**Work item**
The entries below contain a stretch that opens with the line containing "with BuildPart() as" and closes with the line containing "82.460856798), (103.920275047, 92.460856798))"; set down that stretch exactly, both ends included, and nothing else.

:: Source data ::

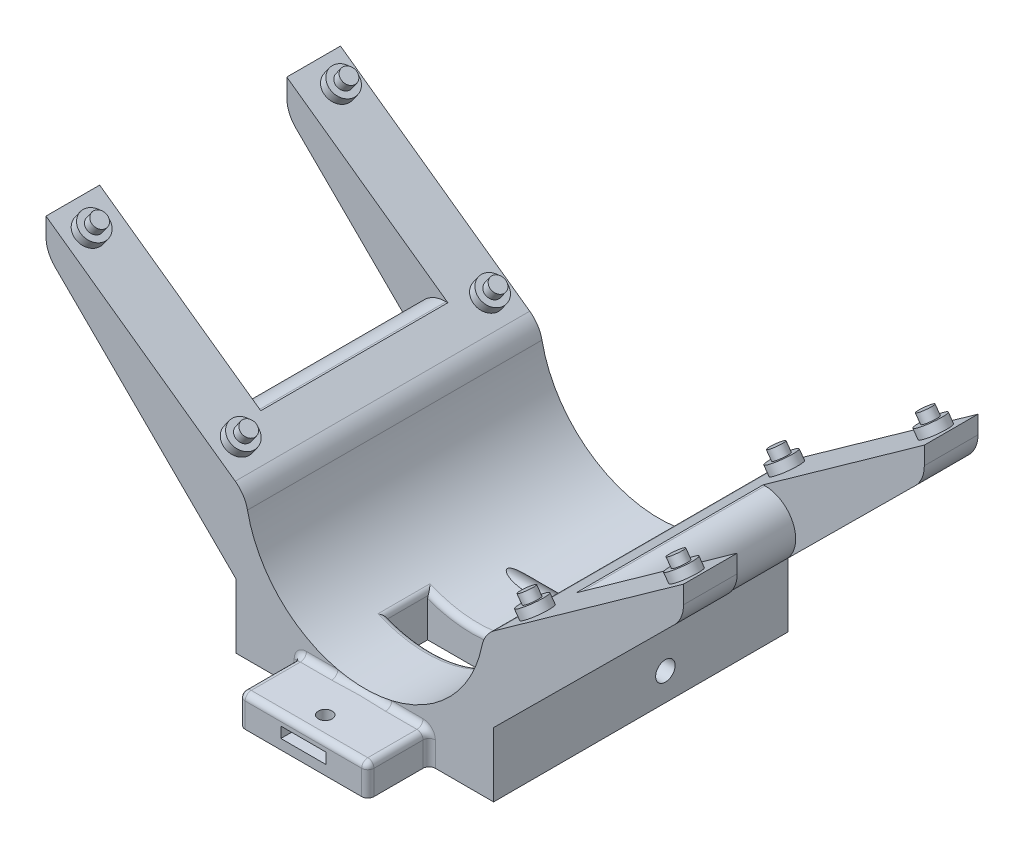
from build123d import *

# Parameters (mm, degrees)
BOSS_EXTRUDE1_DEPTH            = 48
CUT_EXTRUDE2_REACH             = 149.148
SKETCH2_W                      = 61
SKETCH2_H                      = 37.460856798
SKETCH2_R                      = 3.175
CUT_EXTRUDE2_DIRECTION_2_REACH = 149.148
CUT_EXTRUDE3_REACH             = 149.148
SKETCH4_W                      = 29
SKETCH4_H                      = 13
SKETCH5_W                      = 42
SKETCH5_H                      = 10
SKETCH5_W_2                    = 14.7
SKETCH5_H_2                    = 3.5
BOSS_EXTRUDE2_DEPTH            = 20
SKETCH6_R                      = 2.25
CUT_EXTRUDE4_DEPTH             = 150.07453327
FILLET1_R                      = 10
FILLET2_R                      = 2
FILLET4_R                      = 2
SKETCH7_R                      = 4.5
SKETCH7_R_2                    = 2.5
BOSS_EXTRUDE3_DEPTH            = 3
SKETCH7_3_R                    = 2.5
BOSS_EXTRUDE4_DEPTH            = 6


with BuildPart() as part:
    # Sketch1 → Boss-Extrude1 (new, symmetric)
    with BuildSketch(Plane.XY):
        with BuildLine():
            Line((-42, 0), (42, 0))
            Line((42, 0), (42, 21))
            Line((42, 21), (103.920275047, 82.460856798))
            Line((103.920275047, 82.460856798), (103.920275047, 92.460856798))
            Line((103.920275047, 92.460856798), (38.794329483, 46))
            ThreePointArc((38.794329483, 46), (0, 11), (-38.794329483, 46))
            Line((-38.794329483, 46), (-103.920275047, 92.460856798))
            Line((-103.920275047, 92.460856798), (-103.920275047, 82.460856798))
            Line((-103.920275047, 82.460856798), (-42, 21))
            Line((-42, 21), (-42, 0))
        make_face()
    extrude(amount=BOSS_EXTRUDE1_DEPTH, both=True)

    # Sketch2 → Cut-Extrude2 (cut, up to next)
    with BuildSketch(Plane(origin=(0, 0, 0), x_dir=(0, 0, -1), z_dir=(1, 0, 0)), mode=Mode.PRIVATE) as cut_extrude2_sk1:
        with Locations((0, 73.730428399)):
            Rectangle(SKETCH2_W, SKETCH2_H)
    cut_extrude2_tool1 = extrude(cut_extrude2_sk1.sketch, amount=-CUT_EXTRUDE2_REACH, mode=Mode.PRIVATE) & part.part
    # Sketch2 → Cut-Extrude2 (cut, up to next)
    with BuildSketch(Plane(origin=(0, 0, 0), x_dir=(0, 0, -1), z_dir=(1, 0, 0)), mode=Mode.PRIVATE) as cut_extrude2_sk2:
        with Locations((8, 9)):
            Circle(SKETCH2_R)
    cut_extrude2_tool2 = extrude(cut_extrude2_sk2.sketch, amount=-CUT_EXTRUDE2_REACH, mode=Mode.PRIVATE) & part.part
    add(cut_extrude2_tool1.solids().sort_by_distance((0, 73.730428, 0))[0], mode=Mode.SUBTRACT)
    add(cut_extrude2_tool2.solids().sort_by_distance((0, 9, -8))[0], mode=Mode.SUBTRACT)

    # Sketch2 → Cut-Extrude2 direction 2 (cut, up to next)
    with BuildSketch(Plane(origin=(0, 0, 0), x_dir=(0, 0, -1), z_dir=(1, 0, 0)), mode=Mode.PRIVATE) as cut_extrude2_direction_2_sk1:
        with Locations((0, 73.730428399)):
            Rectangle(SKETCH2_W, SKETCH2_H)
    cut_extrude2_direction_2_tool1 = extrude(cut_extrude2_direction_2_sk1.sketch, amount=CUT_EXTRUDE2_DIRECTION_2_REACH, mode=Mode.PRIVATE) & part.part
    # Sketch2 → Cut-Extrude2 direction 2 (cut, up to next)
    with BuildSketch(Plane(origin=(0, 0, 0), x_dir=(0, 0, -1), z_dir=(1, 0, 0)), mode=Mode.PRIVATE) as cut_extrude2_direction_2_sk2:
        with Locations((8, 9)):
            Circle(SKETCH2_R)
    cut_extrude2_direction_2_tool2 = extrude(cut_extrude2_direction_2_sk2.sketch, amount=CUT_EXTRUDE2_DIRECTION_2_REACH, mode=Mode.PRIVATE) & part.part
    add(cut_extrude2_direction_2_tool1.solids().sort_by_distance((0, 73.730428, 0))[0], mode=Mode.SUBTRACT)
    add(cut_extrude2_direction_2_tool2.solids().sort_by_distance((0, 9, -8))[0], mode=Mode.SUBTRACT)

    # Sketch4 → Cut-Extrude3 (cut, up to next)
    with BuildSketch(Plane(origin=(0, 0, 0), x_dir=(1, 0, 0), z_dir=(0, 1, 0)), mode=Mode.PRIVATE) as cut_extrude3_sk1:
        with Locations((0, -19.5)):
            Rectangle(SKETCH4_W, SKETCH4_H)
    cut_extrude3_tool1 = extrude(cut_extrude3_sk1.sketch, amount=CUT_EXTRUDE3_REACH, mode=Mode.PRIVATE) & part.part
    add(cut_extrude3_tool1.solids().sort_by_distance((0, 0, 19.5))[0], mode=Mode.SUBTRACT)

    # Sketch5 → Boss-Extrude2 (add)
    with BuildSketch(Plane.XY.offset(48)):
        with Locations((0, 5)):
            Rectangle(SKETCH5_W, SKETCH5_H)
        with Locations((0, 5)):
            Rectangle(SKETCH5_W_2, SKETCH5_H_2, mode=Mode.SUBTRACT)
    extrude(amount=BOSS_EXTRUDE2_DEPTH)

    # Sketch6 → Cut-Extrude4 (cut, through all)
    with BuildSketch(Plane(origin=(0, 10, 0), x_dir=(1, 0, 0), z_dir=(0, 1, 0))):
        with Locations((0, -60.885403607)):
            Circle(SKETCH6_R)
    extrude(amount=-CUT_EXTRUDE4_DEPTH, mode=Mode.SUBTRACT)

    # Fillet1
    fillet1_edges = [part.edges().sort_by_distance(p)[0] for p in [
        (103.920275047, 82.460856798, -39.25),
        (103.920275047, 82.460856798, 39.25),
        (76.254149084, 55, 0),
        (-103.920275047, 82.460856798, 39.25),
        (-103.920275047, 82.460856798, -39.25),
        (-76.254149084, 55, 0),
        (-38.794329483, 46, 0),
        (38.794329483, 46, 0),
    ]]
    fillet(fillet1_edges, radius=FILLET1_R)

    # Fillet2
    fillet2_edges = [part.edges().sort_by_distance(p)[0] for p in [
        (14.5, 13.795718485, 19.5),
        (0, 11, 13),
        (0, 11, 26),
        (-14.5, 13.795718485, 19.5),
    ]]
    fillet(fillet2_edges, radius=FILLET2_R)

    # Fillet4
    fillet4_edges = [part.edges().sort_by_distance(p)[0] for p in [
        (21, 5, 48),
        (21, 5, 68),
        (21, 10, 58),
        (-21, 10, 58),
        (0, 10, 68),
        (-21, 5, 68),
        (0, 10, 48),
        (-21, 5, 48),
    ]]
    fillet(fillet4_edges, radius=FILLET4_R)

    # Sketch7 → Boss-Extrude3 (add)
    # profile 1 of 4: a face of its own
    with BuildSketch(Plane(origin=(-8.663321552, 12.143706482, 0), x_dir=(0.8140743195533245, 0.5807607099690817, 0), z_dir=(-0.5807607099690816, 0.8140743195533244, 0))):
        with Locations((130.296460035, -40.5)):
            Circle(SKETCH7_R)
        with Locations((130.296460035, -40.5)):
            Circle(SKETCH7_R_2, mode=Mode.SUBTRACT)
    # profile 2 of 4: a face of its own
    with BuildSketch(Plane(origin=(-8.663321552, 12.143706482, 0), x_dir=(0.8140743195533245, 0.5807607099690817, 0), z_dir=(-0.5807607099690816, 0.8140743195533244, 0))):
        with Locations((70.606460035, -40.5)):
            Circle(SKETCH7_R)
        with Locations((70.606460035, -40.5)):
            Circle(SKETCH7_R_2, mode=Mode.SUBTRACT)
    # profile 3 of 4: a face of its own
    with BuildSketch(Plane(origin=(-8.663321552, 12.143706482, 0), x_dir=(0.8140743195533245, 0.5807607099690817, 0), z_dir=(-0.5807607099690816, 0.8140743195533244, 0))):
        with Locations((130.296460035, 40.78)):
            Circle(SKETCH7_R)
        with Locations((130.296460035, 40.78)):
            Circle(SKETCH7_R_2, mode=Mode.SUBTRACT)
    # profile 4 of 4: a face of its own
    with BuildSketch(Plane(origin=(-8.663321552, 12.143706482, 0), x_dir=(0.8140743195533245, 0.5807607099690817, 0), z_dir=(-0.5807607099690816, 0.8140743195533244, 0))):
        with Locations((70.606460035, 40.78)):
            Circle(SKETCH7_R)
        with Locations((70.606460035, 40.78)):
            Circle(SKETCH7_R_2, mode=Mode.SUBTRACT)
    boss_extrude3 = extrude(amount=BOSS_EXTRUDE3_DEPTH)

    # Sketch7_3 → Boss-Extrude4 (add)
    with BuildSketch(Plane(origin=(-8.663321552, 12.143706482, 0), x_dir=(0.8140743195533245, 0.5807607099690817, 0), z_dir=(-0.5807607099690816, 0.8140743195533244, 0))):
        with Locations((130.296460035, -40.5)):
            Circle(SKETCH7_3_R)
        with Locations((130.296460035, 40.78)):
            Circle(SKETCH7_3_R)
        with Locations((70.606460035, -40.5)):
            Circle(SKETCH7_3_R)
        with Locations((70.606460035, 40.78)):
            Circle(SKETCH7_3_R)
    boss_extrude4 = extrude(amount=BOSS_EXTRUDE4_DEPTH)

    # Mirror1: Boss-Extrude3, Boss-Extrude4 across plane
    add(boss_extrude3.mirror(Plane(origin=(0, 0, 0), x_dir=(0, 0, 1), z_dir=(1, 0, 0))))
    add(boss_extrude4.mirror(Plane(origin=(0, 0, 0), x_dir=(0, 0, 1), z_dir=(1, 0, 0))))


solid = part.part

:::

**Written response**
with BuildPart() as part:
    # Sketch1 → Boss-Extrude1 (new, symmetric)
    with BuildSketch(Plane.XY):
        with BuildLine():
            Line((-42, 0), (42, 0))
            Line((42, 0), (42, 21))
            Line((42, 21), (103.920275047, 82.460856798))
            Line((103.920275047, 82.460856798), (103.920275047, 92.460856798))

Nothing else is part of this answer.